::: Extracted data :::

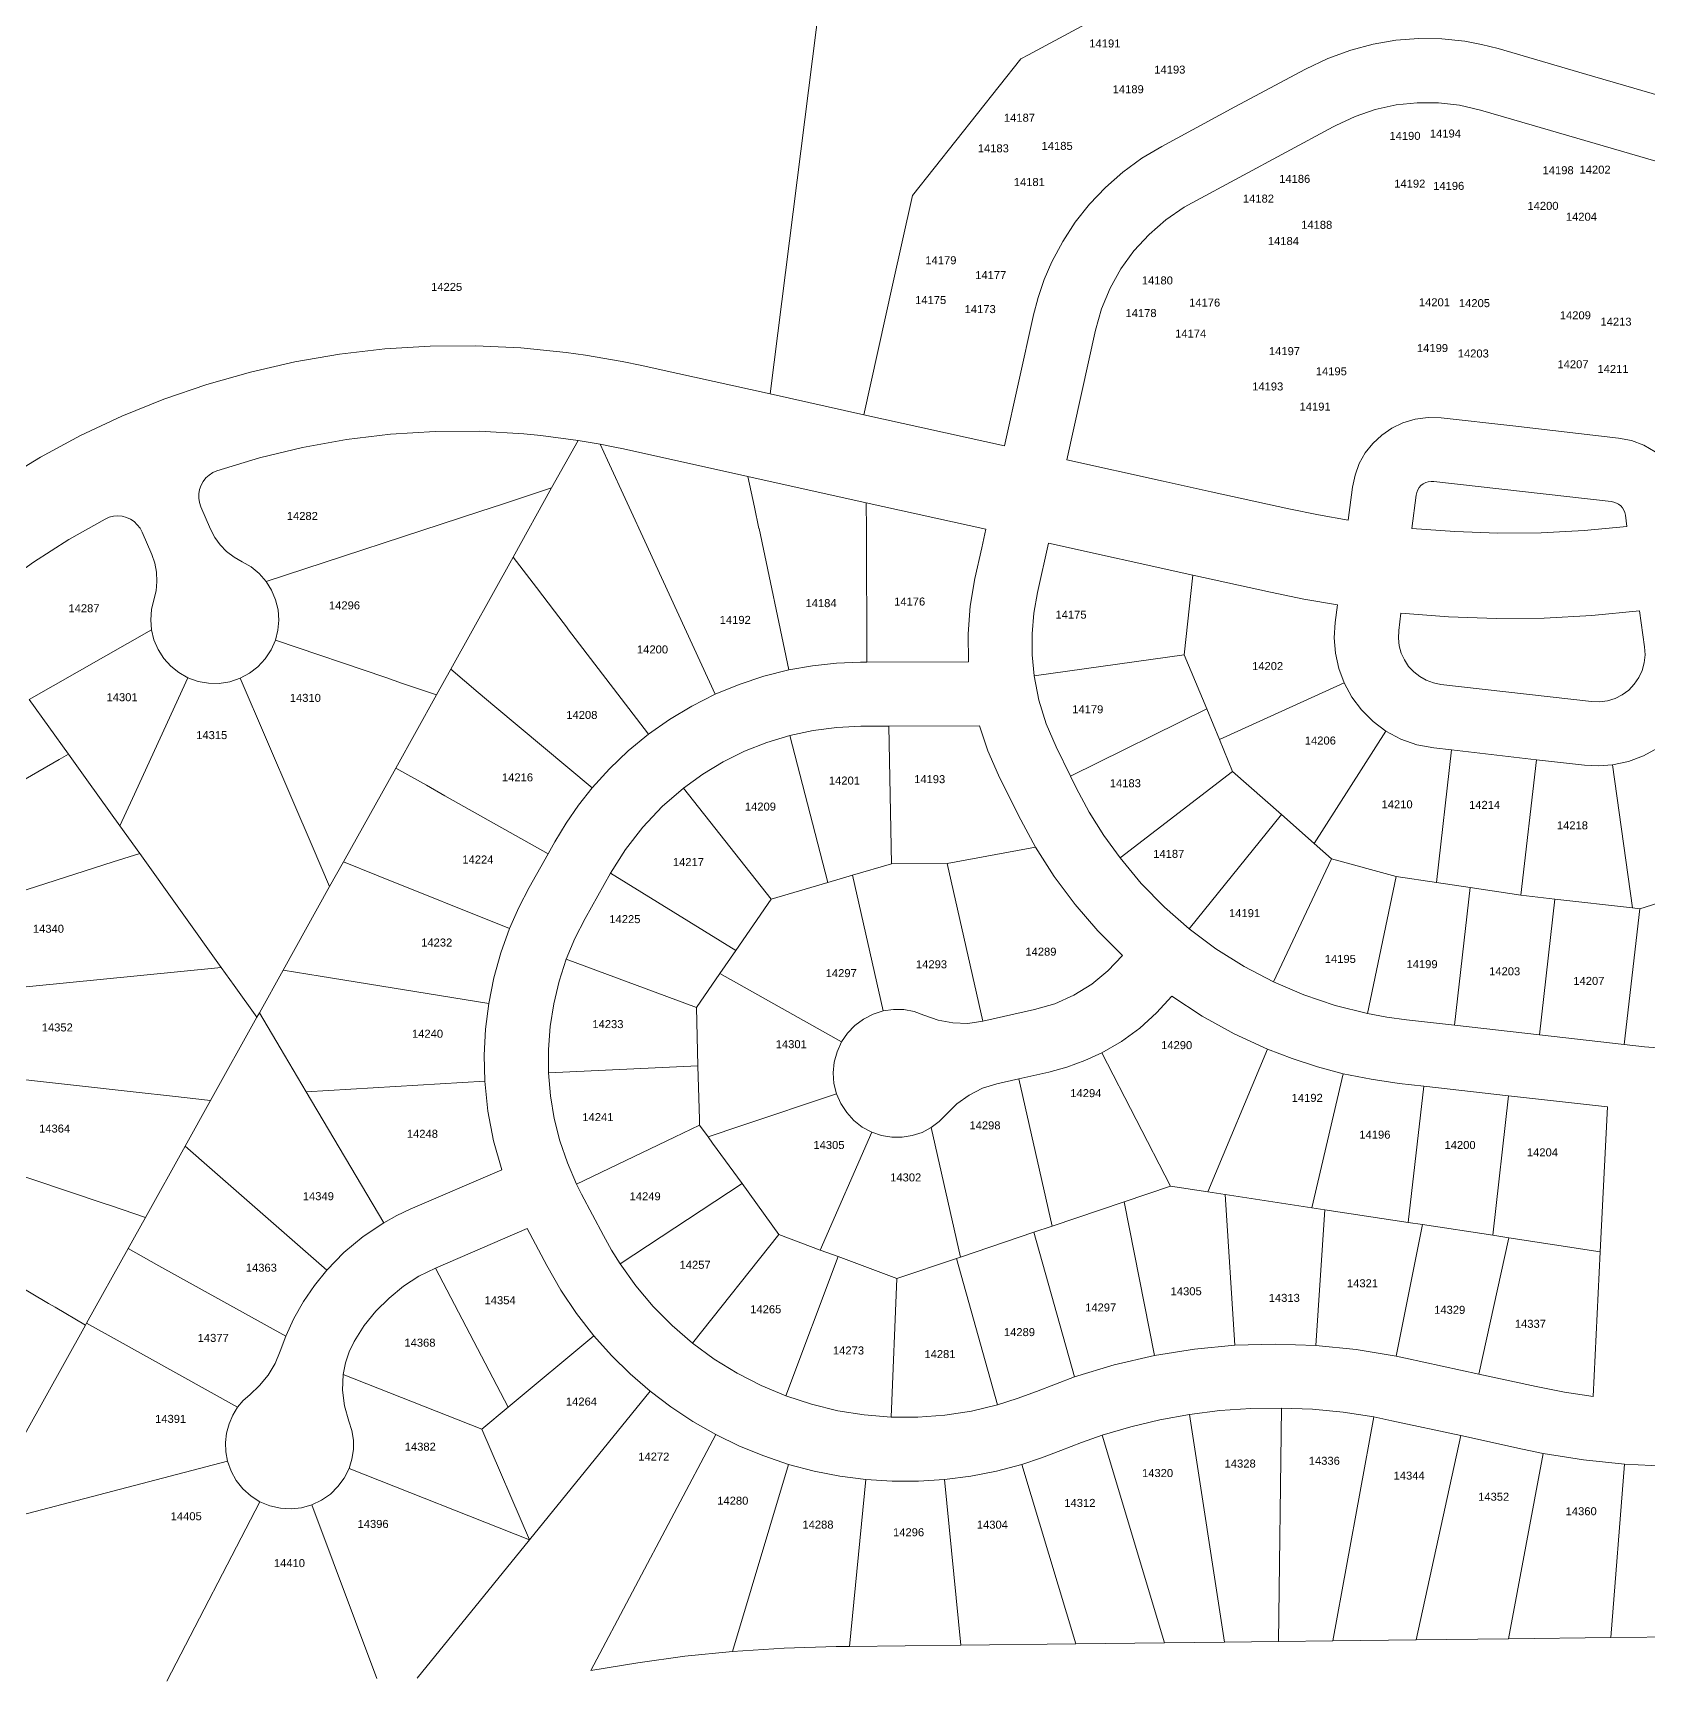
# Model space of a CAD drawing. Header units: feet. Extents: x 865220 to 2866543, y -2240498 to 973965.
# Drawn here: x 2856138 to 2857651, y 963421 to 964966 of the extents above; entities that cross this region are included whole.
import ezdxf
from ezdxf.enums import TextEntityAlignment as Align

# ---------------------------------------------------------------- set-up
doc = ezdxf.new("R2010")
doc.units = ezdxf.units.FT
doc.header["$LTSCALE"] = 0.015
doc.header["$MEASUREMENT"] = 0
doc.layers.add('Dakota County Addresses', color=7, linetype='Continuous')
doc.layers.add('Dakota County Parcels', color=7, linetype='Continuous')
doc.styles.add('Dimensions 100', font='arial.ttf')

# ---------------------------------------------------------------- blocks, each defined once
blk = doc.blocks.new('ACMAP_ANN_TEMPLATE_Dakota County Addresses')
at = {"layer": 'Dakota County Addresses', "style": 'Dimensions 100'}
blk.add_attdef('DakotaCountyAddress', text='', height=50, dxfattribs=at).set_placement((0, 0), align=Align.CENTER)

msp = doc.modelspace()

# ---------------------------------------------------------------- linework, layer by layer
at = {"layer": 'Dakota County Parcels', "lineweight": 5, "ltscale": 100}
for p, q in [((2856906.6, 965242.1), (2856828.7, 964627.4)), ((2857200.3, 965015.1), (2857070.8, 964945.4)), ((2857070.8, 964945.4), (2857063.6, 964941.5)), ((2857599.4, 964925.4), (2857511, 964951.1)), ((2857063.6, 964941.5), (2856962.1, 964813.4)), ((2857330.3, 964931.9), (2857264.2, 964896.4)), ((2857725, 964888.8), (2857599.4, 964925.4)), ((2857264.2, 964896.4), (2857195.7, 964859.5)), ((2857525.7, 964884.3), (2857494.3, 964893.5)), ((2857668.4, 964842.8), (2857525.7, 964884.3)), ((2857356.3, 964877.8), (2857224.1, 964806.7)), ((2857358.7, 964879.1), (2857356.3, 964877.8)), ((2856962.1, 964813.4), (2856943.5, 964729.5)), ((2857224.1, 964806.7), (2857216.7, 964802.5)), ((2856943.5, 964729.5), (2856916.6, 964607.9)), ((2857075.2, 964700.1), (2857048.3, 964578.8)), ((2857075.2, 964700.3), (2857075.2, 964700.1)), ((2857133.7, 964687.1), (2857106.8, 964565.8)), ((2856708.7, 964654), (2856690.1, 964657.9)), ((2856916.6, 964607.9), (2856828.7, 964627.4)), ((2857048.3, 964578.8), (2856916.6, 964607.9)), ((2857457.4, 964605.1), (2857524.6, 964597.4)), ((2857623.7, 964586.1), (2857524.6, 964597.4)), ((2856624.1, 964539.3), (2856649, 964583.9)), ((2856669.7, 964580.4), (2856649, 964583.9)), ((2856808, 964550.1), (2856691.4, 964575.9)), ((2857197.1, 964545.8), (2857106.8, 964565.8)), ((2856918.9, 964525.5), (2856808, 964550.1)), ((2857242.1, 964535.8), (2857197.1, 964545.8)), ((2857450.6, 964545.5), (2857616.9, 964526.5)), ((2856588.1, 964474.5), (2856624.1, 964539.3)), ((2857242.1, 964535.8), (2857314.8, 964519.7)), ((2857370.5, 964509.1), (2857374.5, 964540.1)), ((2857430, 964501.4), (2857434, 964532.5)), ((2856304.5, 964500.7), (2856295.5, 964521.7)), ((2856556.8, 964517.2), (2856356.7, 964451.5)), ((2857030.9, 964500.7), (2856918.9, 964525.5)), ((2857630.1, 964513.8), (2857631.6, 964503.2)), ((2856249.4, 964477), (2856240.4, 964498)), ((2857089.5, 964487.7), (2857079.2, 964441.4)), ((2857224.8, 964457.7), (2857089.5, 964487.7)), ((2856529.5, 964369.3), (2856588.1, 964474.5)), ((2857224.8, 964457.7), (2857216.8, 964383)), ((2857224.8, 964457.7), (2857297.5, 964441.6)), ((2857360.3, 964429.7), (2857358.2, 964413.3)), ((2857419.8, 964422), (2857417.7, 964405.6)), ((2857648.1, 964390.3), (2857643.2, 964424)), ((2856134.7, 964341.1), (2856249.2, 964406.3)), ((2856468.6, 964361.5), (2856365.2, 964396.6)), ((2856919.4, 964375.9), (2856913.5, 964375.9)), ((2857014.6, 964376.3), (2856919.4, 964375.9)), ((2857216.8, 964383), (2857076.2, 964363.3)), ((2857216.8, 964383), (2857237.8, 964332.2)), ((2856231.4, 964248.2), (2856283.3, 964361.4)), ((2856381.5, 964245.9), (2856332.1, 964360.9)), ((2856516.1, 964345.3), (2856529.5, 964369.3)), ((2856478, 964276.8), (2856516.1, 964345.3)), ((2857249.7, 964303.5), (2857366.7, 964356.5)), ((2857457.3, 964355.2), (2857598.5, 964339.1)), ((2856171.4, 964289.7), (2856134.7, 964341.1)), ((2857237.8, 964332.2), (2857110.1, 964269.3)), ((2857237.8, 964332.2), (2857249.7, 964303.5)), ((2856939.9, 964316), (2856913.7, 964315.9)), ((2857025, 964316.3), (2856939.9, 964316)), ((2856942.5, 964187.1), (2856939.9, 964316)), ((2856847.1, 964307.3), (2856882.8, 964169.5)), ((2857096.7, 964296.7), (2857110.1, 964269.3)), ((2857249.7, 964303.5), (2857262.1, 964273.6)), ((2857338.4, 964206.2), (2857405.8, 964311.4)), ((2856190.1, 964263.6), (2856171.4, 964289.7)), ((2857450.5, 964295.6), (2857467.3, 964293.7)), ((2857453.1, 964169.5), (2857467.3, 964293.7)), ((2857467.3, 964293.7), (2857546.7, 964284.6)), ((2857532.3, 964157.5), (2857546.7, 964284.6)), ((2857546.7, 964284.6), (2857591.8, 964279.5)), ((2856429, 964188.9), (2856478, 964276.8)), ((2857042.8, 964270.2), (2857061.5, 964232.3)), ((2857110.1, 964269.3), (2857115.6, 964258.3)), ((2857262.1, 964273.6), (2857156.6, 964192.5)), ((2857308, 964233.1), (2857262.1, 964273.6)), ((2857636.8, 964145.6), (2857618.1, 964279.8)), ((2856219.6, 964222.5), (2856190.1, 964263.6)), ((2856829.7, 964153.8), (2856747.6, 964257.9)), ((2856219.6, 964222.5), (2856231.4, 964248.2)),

:::

- **Exercise prompt**: Above are records with pictures; repeat them exactly, but without the pictures.

- **Problem solution**:
# Model space of a CAD drawing. Header units: feet. Extents: x 865220 to 2866543, y -2240498 to 973965.
# Drawn here: x 2856138 to 2857651, y 963421 to 964966 of the extents above; entities that cross this region are included whole.
import ezdxf
from ezdxf.enums import TextEntityAlignment as Align

# ---------------------------------------------------------------- set-up
doc = ezdxf.new("R2010")
doc.units = ezdxf.units.FT
doc.header["$LTSCALE"] = 0.015
doc.header["$MEASUREMENT"] = 0
doc.layers.add('Dakota County Addresses', color=7, linetype='Continuous')
doc.layers.add('Dakota County Parcels', color=7, linetype='Continuous')
doc.styles.add('Dimensions 100', font='arial.ttf')

# ---------------------------------------------------------------- blocks, each defined once
blk = doc.blocks.new('ACMAP_ANN_TEMPLATE_Dakota County Addresses')
at = {"layer": 'Dakota County Addresses', "style": 'Dimensions 100'}
blk.add_attdef('DakotaCountyAddress', text='', height=50, dxfattribs=at).set_placement((0, 0), align=Align.CENTER)

msp = doc.modelspace()

# ---------------------------------------------------------------- linework, layer by layer
at = {"layer": 'Dakota County Parcels', "lineweight": 5, "ltscale": 100}
for p, q in [((2856906.6, 965242.1), (2856828.7, 964627.4)), ((2857200.3, 965015.1), (2857070.8, 964945.4)), ((2857070.8, 964945.4), (2857063.6, 964941.5)), ((2857599.4, 964925.4), (2857511, 964951.1)), ((2857063.6, 964941.5), (2856962.1, 964813.4)), ((2857330.3, 964931.9), (2857264.2, 964896.4)), ((2857725, 964888.8), (2857599.4, 964925.4)), ((2857264.2, 964896.4), (2857195.7, 964859.5)), ((2857525.7, 964884.3), (2857494.3, 964893.5)), ((2857668.4, 964842.8), (2857525.7, 964884.3)), ((2857356.3, 964877.8), (2857224.1, 964806.7)), ((2857358.7, 964879.1), (2857356.3, 964877.8)), ((2856962.1, 964813.4), (2856943.5, 964729.5)), ((2857224.1, 964806.7), (2857216.7, 964802.5)), ((2856943.5, 964729.5), (2856916.6, 964607.9)), ((2857075.2, 964700.1), (2857048.3, 964578.8)), ((2857075.2, 964700.3), (2857075.2, 964700.1)), ((2857133.7, 964687.1), (2857106.8, 964565.8)), ((2856708.7, 964654), (2856690.1, 964657.9)), ((2856916.6, 964607.9), (2856828.7, 964627.4)), ((2857048.3, 964578.8), (2856916.6, 964607.9)), ((2857457.4, 964605.1), (2857524.6, 964597.4)), ((2857623.7, 964586.1), (2857524.6, 964597.4)), ((2856624.1, 964539.3), (2856649, 964583.9)), ((2856669.7, 964580.4), (2856649, 964583.9)), ((2856808, 964550.1), (2856691.4, 964575.9)), ((2857197.1, 964545.8), (2857106.8, 964565.8)), ((2856918.9, 964525.5), (2856808, 964550.1)), ((2857242.1, 964535.8), (2857197.1, 964545.8)), ((2857450.6, 964545.5), (2857616.9, 964526.5)), ((2856588.1, 964474.5), (2856624.1, 964539.3)), ((2857242.1, 964535.8), (2857314.8, 964519.7)), ((2857370.5, 964509.1), (2857374.5, 964540.1)), ((2857430, 964501.4), (2857434, 964532.5)), ((2856304.5, 964500.7), (2856295.5, 964521.7)), ((2856556.8, 964517.2), (2856356.7, 964451.5)), ((2857030.9, 964500.7), (2856918.9, 964525.5)), ((2857630.1, 964513.8), (2857631.6, 964503.2)), ((2856249.4, 964477), (2856240.4, 964498)), ((2857089.5, 964487.7), (2857079.2, 964441.4)), ((2857224.8, 964457.7), (2857089.5, 964487.7)), ((2856529.5, 964369.3), (2856588.1, 964474.5)), ((2857224.8, 964457.7), (2857216.8, 964383)), ((2857224.8, 964457.7), (2857297.5, 964441.6)), ((2857360.3, 964429.7), (2857358.2, 964413.3)), ((2857419.8, 964422), (2857417.7, 964405.6)), ((2857648.1, 964390.3), (2857643.2, 964424)), ((2856134.7, 964341.1), (2856249.2, 964406.3)), ((2856468.6, 964361.5), (2856365.2, 964396.6)), ((2856919.4, 964375.9), (2856913.5, 964375.9)), ((2857014.6, 964376.3), (2856919.4, 964375.9)), ((2857216.8, 964383), (2857076.2, 964363.3)), ((2857216.8, 964383), (2857237.8, 964332.2)), ((2856231.4, 964248.2), (2856283.3, 964361.4)), ((2856381.5, 964245.9), (2856332.1, 964360.9)), ((2856516.1, 964345.3), (2856529.5, 964369.3)), ((2856478, 964276.8), (2856516.1, 964345.3)), ((2857249.7, 964303.5), (2857366.7, 964356.5)), ((2857457.3, 964355.2), (2857598.5, 964339.1)), ((2856171.4, 964289.7), (2856134.7, 964341.1)), ((2857237.8, 964332.2), (2857110.1, 964269.3)), ((2857237.8, 964332.2), (2857249.7, 964303.5)), ((2856939.9, 964316), (2856913.7, 964315.9)), ((2857025, 964316.3), (2856939.9, 964316)), ((2856942.5, 964187.1), (2856939.9, 964316)), ((2856847.1, 964307.3), (2856882.8, 964169.5)), ((2857096.7, 964296.7), (2857110.1, 964269.3)), ((2857249.7, 964303.5), (2857262.1, 964273.6)), ((2857338.4, 964206.2), (2857405.8, 964311.4)), ((2856190.1, 964263.6), (2856171.4, 964289.7)), ((2857450.5, 964295.6), (2857467.3, 964293.7)), ((2857453.1, 964169.5), (2857467.3, 964293.7)), ((2857467.3, 964293.7), (2857546.7, 964284.6)), ((2857532.3, 964157.5), (2857546.7, 964284.6)), ((2857546.7, 964284.6), (2857591.8, 964279.5)), ((2856429, 964188.9), (2856478, 964276.8)), ((2857042.8, 964270.2), (2857061.5, 964232.3)), ((2857110.1, 964269.3), (2857115.6, 964258.3)), ((2857262.1, 964273.6), (2857156.6, 964192.5)), ((2857308, 964233.1), (2857262.1, 964273.6)), ((2857636.8, 964145.6), (2857618.1, 964279.8)), ((2856219.6, 964222.5), (2856190.1, 964263.6)), ((2856829.7, 964153.8), (2856747.6, 964257.9)), ((2856219.6, 964222.5), (2856231.4, 964248.2)),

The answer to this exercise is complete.